(The data begins)
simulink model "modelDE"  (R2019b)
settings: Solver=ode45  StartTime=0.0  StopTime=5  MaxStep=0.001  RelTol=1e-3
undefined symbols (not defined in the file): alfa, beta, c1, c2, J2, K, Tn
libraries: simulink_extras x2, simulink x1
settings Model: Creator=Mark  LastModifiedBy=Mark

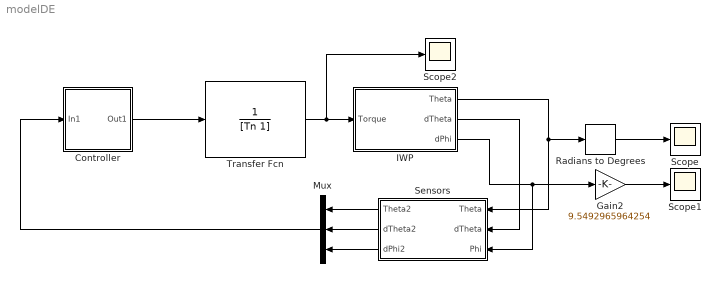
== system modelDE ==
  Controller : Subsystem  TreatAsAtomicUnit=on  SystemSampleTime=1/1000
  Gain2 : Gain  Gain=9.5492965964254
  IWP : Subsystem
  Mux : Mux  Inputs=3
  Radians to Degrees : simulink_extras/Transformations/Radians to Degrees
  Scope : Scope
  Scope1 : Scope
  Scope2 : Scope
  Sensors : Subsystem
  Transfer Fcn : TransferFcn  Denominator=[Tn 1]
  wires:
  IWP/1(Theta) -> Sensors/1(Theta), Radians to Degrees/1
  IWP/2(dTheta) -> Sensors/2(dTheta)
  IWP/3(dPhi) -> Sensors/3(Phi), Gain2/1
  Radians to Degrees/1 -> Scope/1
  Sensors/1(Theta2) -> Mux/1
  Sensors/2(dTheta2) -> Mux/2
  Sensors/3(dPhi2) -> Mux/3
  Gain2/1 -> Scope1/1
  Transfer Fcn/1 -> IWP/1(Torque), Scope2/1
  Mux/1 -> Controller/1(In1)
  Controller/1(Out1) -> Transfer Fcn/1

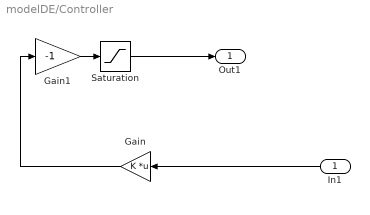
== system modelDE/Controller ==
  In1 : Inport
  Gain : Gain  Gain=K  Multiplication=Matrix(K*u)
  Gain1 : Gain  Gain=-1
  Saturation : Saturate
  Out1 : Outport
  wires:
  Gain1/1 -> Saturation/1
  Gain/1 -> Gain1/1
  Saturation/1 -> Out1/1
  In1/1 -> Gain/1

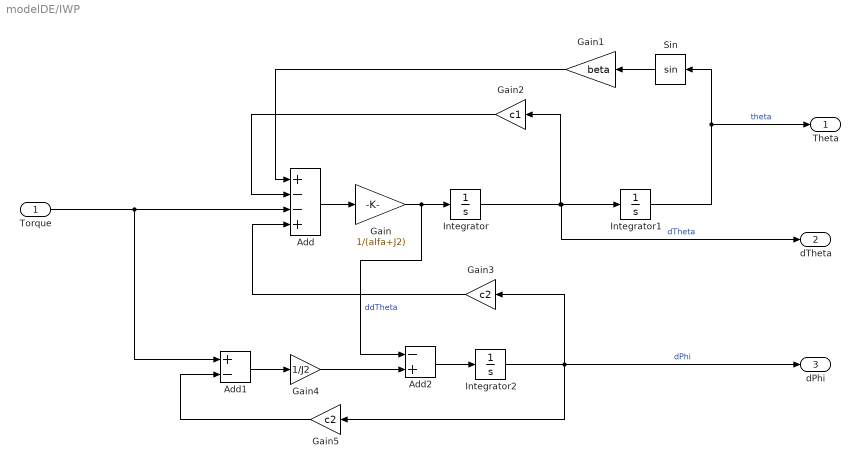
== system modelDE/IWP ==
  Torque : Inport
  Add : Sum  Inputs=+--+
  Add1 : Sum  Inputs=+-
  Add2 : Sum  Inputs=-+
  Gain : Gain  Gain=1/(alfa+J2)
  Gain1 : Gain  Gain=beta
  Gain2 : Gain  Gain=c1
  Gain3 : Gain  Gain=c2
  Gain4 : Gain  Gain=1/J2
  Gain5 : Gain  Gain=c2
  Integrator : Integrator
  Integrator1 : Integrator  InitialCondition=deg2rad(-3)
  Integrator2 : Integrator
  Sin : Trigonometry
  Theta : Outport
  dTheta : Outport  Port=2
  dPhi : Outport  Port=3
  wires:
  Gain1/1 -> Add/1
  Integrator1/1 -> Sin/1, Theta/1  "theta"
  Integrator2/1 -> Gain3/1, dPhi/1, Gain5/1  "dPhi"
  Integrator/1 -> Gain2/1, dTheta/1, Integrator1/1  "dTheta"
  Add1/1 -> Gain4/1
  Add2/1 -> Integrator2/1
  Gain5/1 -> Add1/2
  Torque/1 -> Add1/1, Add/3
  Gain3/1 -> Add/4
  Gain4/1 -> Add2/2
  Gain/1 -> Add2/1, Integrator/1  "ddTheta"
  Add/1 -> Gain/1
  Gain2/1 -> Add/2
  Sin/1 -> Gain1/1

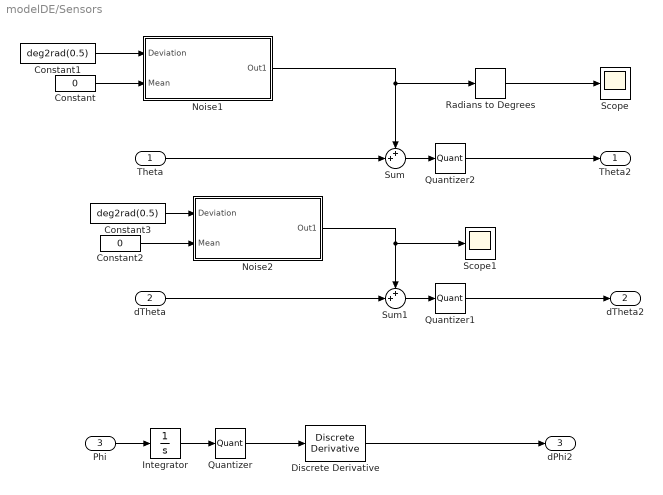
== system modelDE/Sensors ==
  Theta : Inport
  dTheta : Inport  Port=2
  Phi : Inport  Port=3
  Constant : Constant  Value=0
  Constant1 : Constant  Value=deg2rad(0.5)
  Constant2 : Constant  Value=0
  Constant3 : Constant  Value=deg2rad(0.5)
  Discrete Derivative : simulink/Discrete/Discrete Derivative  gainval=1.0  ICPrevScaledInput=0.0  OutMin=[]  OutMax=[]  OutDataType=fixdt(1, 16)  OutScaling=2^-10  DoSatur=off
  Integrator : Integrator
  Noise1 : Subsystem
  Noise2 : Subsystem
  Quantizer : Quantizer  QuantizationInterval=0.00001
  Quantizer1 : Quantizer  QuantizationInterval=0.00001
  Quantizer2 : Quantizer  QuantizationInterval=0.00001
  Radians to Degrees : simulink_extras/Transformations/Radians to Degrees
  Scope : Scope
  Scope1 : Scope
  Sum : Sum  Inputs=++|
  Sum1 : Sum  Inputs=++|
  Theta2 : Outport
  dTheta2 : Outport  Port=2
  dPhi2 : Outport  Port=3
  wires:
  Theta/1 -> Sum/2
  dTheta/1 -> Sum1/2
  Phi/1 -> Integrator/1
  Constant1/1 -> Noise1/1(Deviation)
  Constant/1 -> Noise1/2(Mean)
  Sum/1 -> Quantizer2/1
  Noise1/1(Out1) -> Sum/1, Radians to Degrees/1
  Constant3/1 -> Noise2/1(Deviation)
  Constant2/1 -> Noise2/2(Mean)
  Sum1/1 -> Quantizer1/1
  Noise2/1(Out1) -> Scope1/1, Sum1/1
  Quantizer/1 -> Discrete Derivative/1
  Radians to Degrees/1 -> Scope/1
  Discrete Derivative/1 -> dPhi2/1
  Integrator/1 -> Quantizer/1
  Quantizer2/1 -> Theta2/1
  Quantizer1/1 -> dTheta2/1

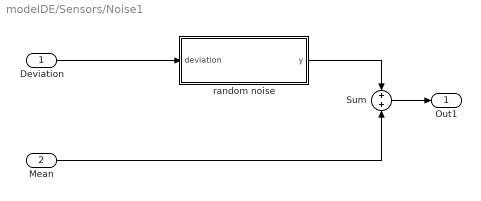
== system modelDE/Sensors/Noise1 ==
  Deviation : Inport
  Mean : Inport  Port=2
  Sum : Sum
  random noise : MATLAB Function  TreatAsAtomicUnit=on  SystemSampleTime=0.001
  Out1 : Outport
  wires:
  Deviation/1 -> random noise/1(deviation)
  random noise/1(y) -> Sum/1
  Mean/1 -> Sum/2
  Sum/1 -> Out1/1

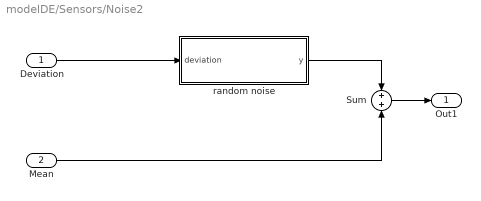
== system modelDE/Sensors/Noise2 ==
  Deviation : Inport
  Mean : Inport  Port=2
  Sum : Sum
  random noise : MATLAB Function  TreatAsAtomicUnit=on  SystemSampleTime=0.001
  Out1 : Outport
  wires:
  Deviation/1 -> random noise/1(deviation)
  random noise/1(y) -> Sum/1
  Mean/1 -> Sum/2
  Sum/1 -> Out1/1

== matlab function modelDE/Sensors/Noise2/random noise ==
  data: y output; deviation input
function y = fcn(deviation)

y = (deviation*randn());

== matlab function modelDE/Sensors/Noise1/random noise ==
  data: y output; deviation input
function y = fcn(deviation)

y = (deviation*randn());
(The data ends)
What the task requires >> Without changing a word, retype the data above and omit its pictures.

Exercise solution >>
simulink model "modelDE"  (R2019b)
settings: Solver=ode45  StartTime=0.0  StopTime=5  MaxStep=0.001  RelTol=1e-3
undefined symbols (not defined in the file): alfa, beta, c1, c2, J2, K, Tn
libraries: simulink_extras x2, simulink x1
settings Model: Creator=Mark  LastModifiedBy=Mark

== system modelDE ==
  Controller : Subsystem  TreatAsAtomicUnit=on  SystemSampleTime=1/1000
  Gain2 : Gain  Gain=9.5492965964254
  IWP : Subsystem
  Mux : Mux  Inputs=3
  Radians to Degrees : simulink_extras/Transformations/Radians to Degrees
  Scope : Scope
  Scope1 : Scope
  Scope2 : Scope
  Sensors : Subsystem
  Transfer Fcn : TransferFcn  Denominator=[Tn 1]
  wires:
  IWP/1(Theta) -> Sensors/1(Theta), Radians to Degrees/1
  IWP/2(dTheta) -> Sensors/2(dTheta)
  IWP/3(dPhi) -> Sensors/3(Phi), Gain2/1
  Radians to Degrees/1 -> Scope/1
  Sensors/1(Theta2) -> Mux/1
  Sensors/2(dTheta2) -> Mux/2
  Sensors/3(dPhi2) -> Mux/3
  Gain2/1 -> Scope1/1
  Transfer Fcn/1 -> IWP/1(Torque), Scope2/1
  Mux/1 -> Controller/1(In1)
  Controller/1(Out1) -> Transfer Fcn/1

== system modelDE/Controller ==
  In1 : Inport
  Gain : Gain  Gain=K  Multiplication=Matrix(K*u)
  Gain1 : Gain  Gain=-1
  Saturation : Saturate
  Out1 : Outport
  wires:
  Gain1/1 -> Saturation/1
  Gain/1 -> Gain1/1
  Saturation/1 -> Out1/1
  In1/1 -> Gain/1

== system modelDE/IWP ==
  Torque : Inport
  Add : Sum  Inputs=+--+
  Add1 : Sum  Inputs=+-
  Add2 : Sum  Inputs=-+
  Gain : Gain  Gain=1/(alfa+J2)
  Gain1 : Gain  Gain=beta
  Gain2 : Gain  Gain=c1
  Gain3 : Gain  Gain=c2
  Gain4 : Gain  Gain=1/J2
  Gain5 : Gain  Gain=c2
  Integrator : Integrator
  Integrator1 : Integrator  InitialCondition=deg2rad(-3)
  Integrator2 : Integrator
  Sin : Trigonometry
  Theta : Outport
  dTheta : Outport  Port=2
  dPhi : Outport  Port=3
  wires:
  Gain1/1 -> Add/1
  Integrator1/1 -> Sin/1, Theta/1  "theta"
  Integrator2/1 -> Gain3/1, dPhi/1, Gain5/1  "dPhi"
  Integrator/1 -> Gain2/1, dTheta/1, Integrator1/1  "dTheta"
  Add1/1 -> Gain4/1
  Add2/1 -> Integrator2/1
  Gain5/1 -> Add1/2
  Torque/1 -> Add1/1, Add/3
  Gain3/1 -> Add/4
  Gain4/1 -> Add2/2
  Gain/1 -> Add2/1, Integrator/1  "ddTheta"
  Add/1 -> Gain/1
  Gain2/1 -> Add/2
  Sin/1 -> Gain1/1

== system modelDE/Sensors ==
  Theta : Inport
  dTheta : Inport  Port=2
  Phi : Inport  Port=3
  Constant : Constant  Value=0
  Constant1 : Constant  Value=deg2rad(0.5)
  Constant2 : Constant  Value=0
  Constant3 : Constant  Value=deg2rad(0.5)
  Discrete Derivative : simulink/Discrete/Discrete Derivative  gainval=1.0  ICPrevScaledInput=0.0  OutMin=[]  OutMax=[]  OutDataType=fixdt(1, 16)  OutScaling=2^-10  DoSatur=off
  Integrator : Integrator
  Noise1 : Subsystem
  Noise2 : Subsystem
  Quantizer : Quantizer  QuantizationInterval=0.00001
  Quantizer1 : Quantizer  QuantizationInterval=0.00001
  Quantizer2 : Quantizer  QuantizationInterval=0.00001
  Radians to Degrees : simulink_extras/Transformations/Radians to Degrees
  Scope : Scope
  Scope1 : Scope
  Sum : Sum  Inputs=++|
  Sum1 : Sum  Inputs=++|
  Theta2 : Outport
  dTheta2 : Outport  Port=2
  dPhi2 : Outport  Port=3
  wires:
  Theta/1 -> Sum/2
  dTheta/1 -> Sum1/2
  Phi/1 -> Integrator/1
  Constant1/1 -> Noise1/1(Deviation)
  Constant/1 -> Noise1/2(Mean)
  Sum/1 -> Quantizer2/1
  Noise1/1(Out1) -> Sum/1, Radians to Degrees/1
  Constant3/1 -> Noise2/1(Deviation)
  Constant2/1 -> Noise2/2(Mean)
  Sum1/1 -> Quantizer1/1
  Noise2/1(Out1) -> Scope1/1, Sum1/1
  Quantizer/1 -> Discrete Derivative/1
  Radians to Degrees/1 -> Scope/1
  Discrete Derivative/1 -> dPhi2/1
  Integrator/1 -> Quantizer/1
  Quantizer2/1 -> Theta2/1
  Quantizer1/1 -> dTheta2/1

== system modelDE/Sensors/Noise1 ==
  Deviation : Inport
  Mean : Inport  Port=2
  Sum : Sum
  random noise : MATLAB Function  TreatAsAtomicUnit=on  SystemSampleTime=0.001
  Out1 : Outport
  wires:
  Deviation/1 -> random noise/1(deviation)
  random noise/1(y) -> Sum/1
  Mean/1 -> Sum/2
  Sum/1 -> Out1/1

== system modelDE/Sensors/Noise2 ==
  Deviation : Inport
  Mean : Inport  Port=2
  Sum : Sum
  random noise : MATLAB Function  TreatAsAtomicUnit=on  SystemSampleTime=0.001
  Out1 : Outport
  wires:
  Deviation/1 -> random noise/1(deviation)
  random noise/1(y) -> Sum/1
  Mean/1 -> Sum/2
  Sum/1 -> Out1/1

== matlab function modelDE/Sensors/Noise2/random noise ==
  data: y output; deviation input
function y = fcn(deviation)

y = (deviation*randn());

== matlab function modelDE/Sensors/Noise1/random noise ==
  data: y output; deviation input
function y = fcn(deviation)

y = (deviation*randn());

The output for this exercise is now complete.